Have You Met...? From the Card Show, Pt. 2

Hello there! More Mets?

More Mets.

Here are some more nickel-priced finds for the All-Time Mets Project, picked up at the recent Concord Mall sports card and memorabilia show.

2007 Topps Chan Ho Park, #561


A former All-Star with the Dodgers, Park pitched in exactly one game for the Mets.  And that's it.  A four-inning, seven-run massacre on April 30, 2007 vs. Florida.  He was designated for assignment by early June. By the way, Park earned $3 million from the Mets for that one lousy start.  Notable Knowledge:  What else to you need to know?

2007 Upper Deck Aaron Heilman, #823


Gee whiz, Upper Deck sure had some humongous checklists for some of their flagship sets.  Card no. 823!? Anyhow, Heilman never got a fair shake (in my estimation) at a starting gig, instead being used as a set-up man for most of his six seasons in Flushing.  Notable Knowledge:  Served up Yadi Molina's infamous game-winning home run in Game 7 of the 2006 NLCS.

1980 Topps Steve Henderson, #299



I love the look of this card.  Great batting cage photo of Henderson, who was a part of two very significant trades in Mets annals.  Foremost, Henderson was one of the pieces to return from Cincinnati in the 1977 Tom Seaver trade.  Then, in 1981, Steve was swapped along with cash to the Cubs to reacquire Dave Kingman.  Notable Knowledge:  Hit .287 with 35 homers over four season in New York.

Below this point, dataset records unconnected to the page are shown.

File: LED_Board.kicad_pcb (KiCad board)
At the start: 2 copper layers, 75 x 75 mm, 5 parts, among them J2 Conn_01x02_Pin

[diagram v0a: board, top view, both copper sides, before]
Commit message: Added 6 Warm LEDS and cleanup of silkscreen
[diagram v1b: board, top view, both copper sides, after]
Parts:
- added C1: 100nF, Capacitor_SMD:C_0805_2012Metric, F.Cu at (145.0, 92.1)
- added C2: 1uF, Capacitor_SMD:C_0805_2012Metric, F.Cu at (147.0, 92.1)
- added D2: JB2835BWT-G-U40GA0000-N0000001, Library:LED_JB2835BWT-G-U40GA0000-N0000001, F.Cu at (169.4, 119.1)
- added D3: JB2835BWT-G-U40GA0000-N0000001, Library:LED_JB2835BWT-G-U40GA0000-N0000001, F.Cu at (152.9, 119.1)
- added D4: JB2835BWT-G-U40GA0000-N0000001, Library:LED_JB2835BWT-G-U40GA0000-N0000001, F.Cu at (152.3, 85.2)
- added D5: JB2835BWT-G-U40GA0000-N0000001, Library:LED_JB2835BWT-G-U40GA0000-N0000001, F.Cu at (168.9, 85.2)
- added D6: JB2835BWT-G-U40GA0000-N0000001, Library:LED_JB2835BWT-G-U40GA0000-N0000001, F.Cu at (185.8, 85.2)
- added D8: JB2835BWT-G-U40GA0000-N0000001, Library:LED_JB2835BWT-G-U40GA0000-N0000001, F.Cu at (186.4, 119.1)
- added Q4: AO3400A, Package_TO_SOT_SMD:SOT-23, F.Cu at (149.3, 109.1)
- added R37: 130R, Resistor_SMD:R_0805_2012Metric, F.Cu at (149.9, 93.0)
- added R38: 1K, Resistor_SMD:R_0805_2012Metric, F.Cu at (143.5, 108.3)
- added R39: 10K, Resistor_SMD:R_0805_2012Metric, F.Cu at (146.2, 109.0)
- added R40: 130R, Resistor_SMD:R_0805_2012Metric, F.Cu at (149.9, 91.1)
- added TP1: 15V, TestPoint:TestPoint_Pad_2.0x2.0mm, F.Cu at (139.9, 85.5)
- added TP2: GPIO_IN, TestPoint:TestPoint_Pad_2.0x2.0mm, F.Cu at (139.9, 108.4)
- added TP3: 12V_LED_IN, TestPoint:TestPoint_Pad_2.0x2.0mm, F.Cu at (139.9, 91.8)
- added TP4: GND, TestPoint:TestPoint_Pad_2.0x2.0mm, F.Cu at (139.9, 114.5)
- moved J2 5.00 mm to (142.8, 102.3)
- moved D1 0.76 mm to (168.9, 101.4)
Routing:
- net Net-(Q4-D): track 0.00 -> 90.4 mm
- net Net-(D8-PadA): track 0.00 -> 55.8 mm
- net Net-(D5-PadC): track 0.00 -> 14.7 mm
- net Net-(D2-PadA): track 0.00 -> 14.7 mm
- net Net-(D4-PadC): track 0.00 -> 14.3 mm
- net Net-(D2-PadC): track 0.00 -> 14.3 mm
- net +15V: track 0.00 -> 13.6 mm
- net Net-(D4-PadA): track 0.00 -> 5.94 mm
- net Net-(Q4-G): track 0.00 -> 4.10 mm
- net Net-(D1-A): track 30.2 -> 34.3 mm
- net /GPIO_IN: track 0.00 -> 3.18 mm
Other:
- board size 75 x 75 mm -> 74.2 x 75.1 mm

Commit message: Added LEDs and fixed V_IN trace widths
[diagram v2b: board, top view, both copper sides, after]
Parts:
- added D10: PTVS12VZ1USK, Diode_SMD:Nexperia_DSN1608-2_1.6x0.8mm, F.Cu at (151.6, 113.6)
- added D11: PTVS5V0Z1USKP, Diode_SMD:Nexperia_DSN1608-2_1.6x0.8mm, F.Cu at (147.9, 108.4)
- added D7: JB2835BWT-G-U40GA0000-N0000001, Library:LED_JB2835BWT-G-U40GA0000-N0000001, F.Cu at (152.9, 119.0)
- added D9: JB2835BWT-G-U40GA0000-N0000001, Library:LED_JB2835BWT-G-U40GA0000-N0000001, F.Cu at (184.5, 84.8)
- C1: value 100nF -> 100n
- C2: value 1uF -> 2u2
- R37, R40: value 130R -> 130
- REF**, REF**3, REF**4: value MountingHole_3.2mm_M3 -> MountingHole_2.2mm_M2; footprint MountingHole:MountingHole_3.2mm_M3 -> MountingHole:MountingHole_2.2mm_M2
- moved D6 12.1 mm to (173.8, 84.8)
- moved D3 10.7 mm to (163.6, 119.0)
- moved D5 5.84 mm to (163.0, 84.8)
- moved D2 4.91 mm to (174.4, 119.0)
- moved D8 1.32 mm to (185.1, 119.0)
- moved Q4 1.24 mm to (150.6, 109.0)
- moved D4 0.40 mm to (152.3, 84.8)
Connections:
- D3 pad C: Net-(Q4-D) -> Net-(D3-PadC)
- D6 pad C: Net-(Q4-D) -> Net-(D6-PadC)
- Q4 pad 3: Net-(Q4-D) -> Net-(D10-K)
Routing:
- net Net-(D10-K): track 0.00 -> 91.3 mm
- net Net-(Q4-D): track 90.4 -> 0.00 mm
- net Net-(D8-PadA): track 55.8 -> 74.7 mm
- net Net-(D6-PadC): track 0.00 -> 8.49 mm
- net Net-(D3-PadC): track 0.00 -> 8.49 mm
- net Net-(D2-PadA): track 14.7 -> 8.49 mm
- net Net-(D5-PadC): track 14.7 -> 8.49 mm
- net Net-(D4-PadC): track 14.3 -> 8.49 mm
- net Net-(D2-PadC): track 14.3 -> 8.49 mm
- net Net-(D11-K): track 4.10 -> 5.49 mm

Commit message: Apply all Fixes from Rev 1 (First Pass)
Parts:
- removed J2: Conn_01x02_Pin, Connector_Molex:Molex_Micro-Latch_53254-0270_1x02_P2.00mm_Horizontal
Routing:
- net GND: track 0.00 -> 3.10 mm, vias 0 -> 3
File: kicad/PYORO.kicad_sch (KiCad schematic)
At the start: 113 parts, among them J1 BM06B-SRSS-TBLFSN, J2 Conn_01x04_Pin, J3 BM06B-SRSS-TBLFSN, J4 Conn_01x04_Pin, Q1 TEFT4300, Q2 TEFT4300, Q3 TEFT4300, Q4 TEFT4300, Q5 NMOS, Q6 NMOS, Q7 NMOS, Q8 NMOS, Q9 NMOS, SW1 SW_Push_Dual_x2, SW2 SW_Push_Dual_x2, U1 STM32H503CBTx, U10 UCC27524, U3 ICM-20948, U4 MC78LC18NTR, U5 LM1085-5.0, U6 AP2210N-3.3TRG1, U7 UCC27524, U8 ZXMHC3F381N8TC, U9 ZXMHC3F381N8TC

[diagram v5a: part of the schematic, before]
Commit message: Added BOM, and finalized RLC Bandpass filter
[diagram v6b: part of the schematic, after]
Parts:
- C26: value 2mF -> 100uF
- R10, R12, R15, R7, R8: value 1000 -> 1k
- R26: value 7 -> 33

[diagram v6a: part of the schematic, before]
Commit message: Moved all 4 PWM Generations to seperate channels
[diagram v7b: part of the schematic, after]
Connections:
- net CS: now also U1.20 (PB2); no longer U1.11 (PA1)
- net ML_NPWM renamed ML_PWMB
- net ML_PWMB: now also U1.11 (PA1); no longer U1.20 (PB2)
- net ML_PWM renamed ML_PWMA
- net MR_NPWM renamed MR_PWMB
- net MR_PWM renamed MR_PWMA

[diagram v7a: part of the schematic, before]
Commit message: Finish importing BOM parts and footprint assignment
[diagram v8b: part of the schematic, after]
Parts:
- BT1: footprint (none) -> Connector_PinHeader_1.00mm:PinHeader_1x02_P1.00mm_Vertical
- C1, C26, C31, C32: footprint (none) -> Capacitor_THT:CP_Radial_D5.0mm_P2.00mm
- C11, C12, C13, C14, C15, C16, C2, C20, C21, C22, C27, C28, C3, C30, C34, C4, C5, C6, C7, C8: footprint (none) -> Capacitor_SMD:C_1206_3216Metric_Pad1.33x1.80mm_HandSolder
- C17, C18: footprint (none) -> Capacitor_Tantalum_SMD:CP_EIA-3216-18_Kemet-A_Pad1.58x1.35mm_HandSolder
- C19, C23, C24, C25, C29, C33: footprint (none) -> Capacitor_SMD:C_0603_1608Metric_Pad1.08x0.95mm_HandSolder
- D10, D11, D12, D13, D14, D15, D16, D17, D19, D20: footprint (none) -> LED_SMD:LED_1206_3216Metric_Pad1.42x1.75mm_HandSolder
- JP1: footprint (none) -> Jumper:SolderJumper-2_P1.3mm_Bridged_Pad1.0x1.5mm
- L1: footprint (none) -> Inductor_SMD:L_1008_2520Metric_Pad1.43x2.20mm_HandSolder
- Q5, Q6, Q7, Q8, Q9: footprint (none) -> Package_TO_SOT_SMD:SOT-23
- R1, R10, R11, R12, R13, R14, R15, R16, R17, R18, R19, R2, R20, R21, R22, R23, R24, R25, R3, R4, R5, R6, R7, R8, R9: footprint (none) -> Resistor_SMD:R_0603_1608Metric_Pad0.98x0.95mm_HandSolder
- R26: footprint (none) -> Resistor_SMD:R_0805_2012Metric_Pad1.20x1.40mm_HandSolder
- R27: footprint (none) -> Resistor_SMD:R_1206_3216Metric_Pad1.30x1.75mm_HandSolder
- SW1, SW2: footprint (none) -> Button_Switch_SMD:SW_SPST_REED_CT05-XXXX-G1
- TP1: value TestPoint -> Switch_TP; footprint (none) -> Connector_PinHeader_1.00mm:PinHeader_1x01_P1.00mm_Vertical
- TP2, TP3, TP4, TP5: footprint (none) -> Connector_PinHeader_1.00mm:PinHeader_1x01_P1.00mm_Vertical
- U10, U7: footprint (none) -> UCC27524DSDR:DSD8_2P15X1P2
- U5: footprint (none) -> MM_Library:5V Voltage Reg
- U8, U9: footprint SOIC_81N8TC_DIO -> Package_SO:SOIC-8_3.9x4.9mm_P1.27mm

2007 Upper Deck Guillermo Mota, #824


The Mets acquired Mota in late August '06, and he was tremendous down the stretch as a 6th, 7th or 8th inning guy.  But, then came the playoffs, where Mota struggled and eventually cost the Mets Game 2 of the NLCS. Notable Knowledge:  Fashioned a 3-0 mark with a 1.00 ERA in 18 game for '06 Mets.

1981 Topps John Pacella, #414


Looking at his card, I'm reminded of a quote from one of my all-time favorite films, Miller's Crossing.  In it, Tom Reagan is describing a dream to his lover, in which the wind blew his hat off.  To conclude the exchange between characters, Tom sneers, "There's nothing more foolish than a man chasin' his hat."  Words to live by. Notable Knowledge:  On the back of this card, it reads, "John has a unique habit of losing his cap each pitch."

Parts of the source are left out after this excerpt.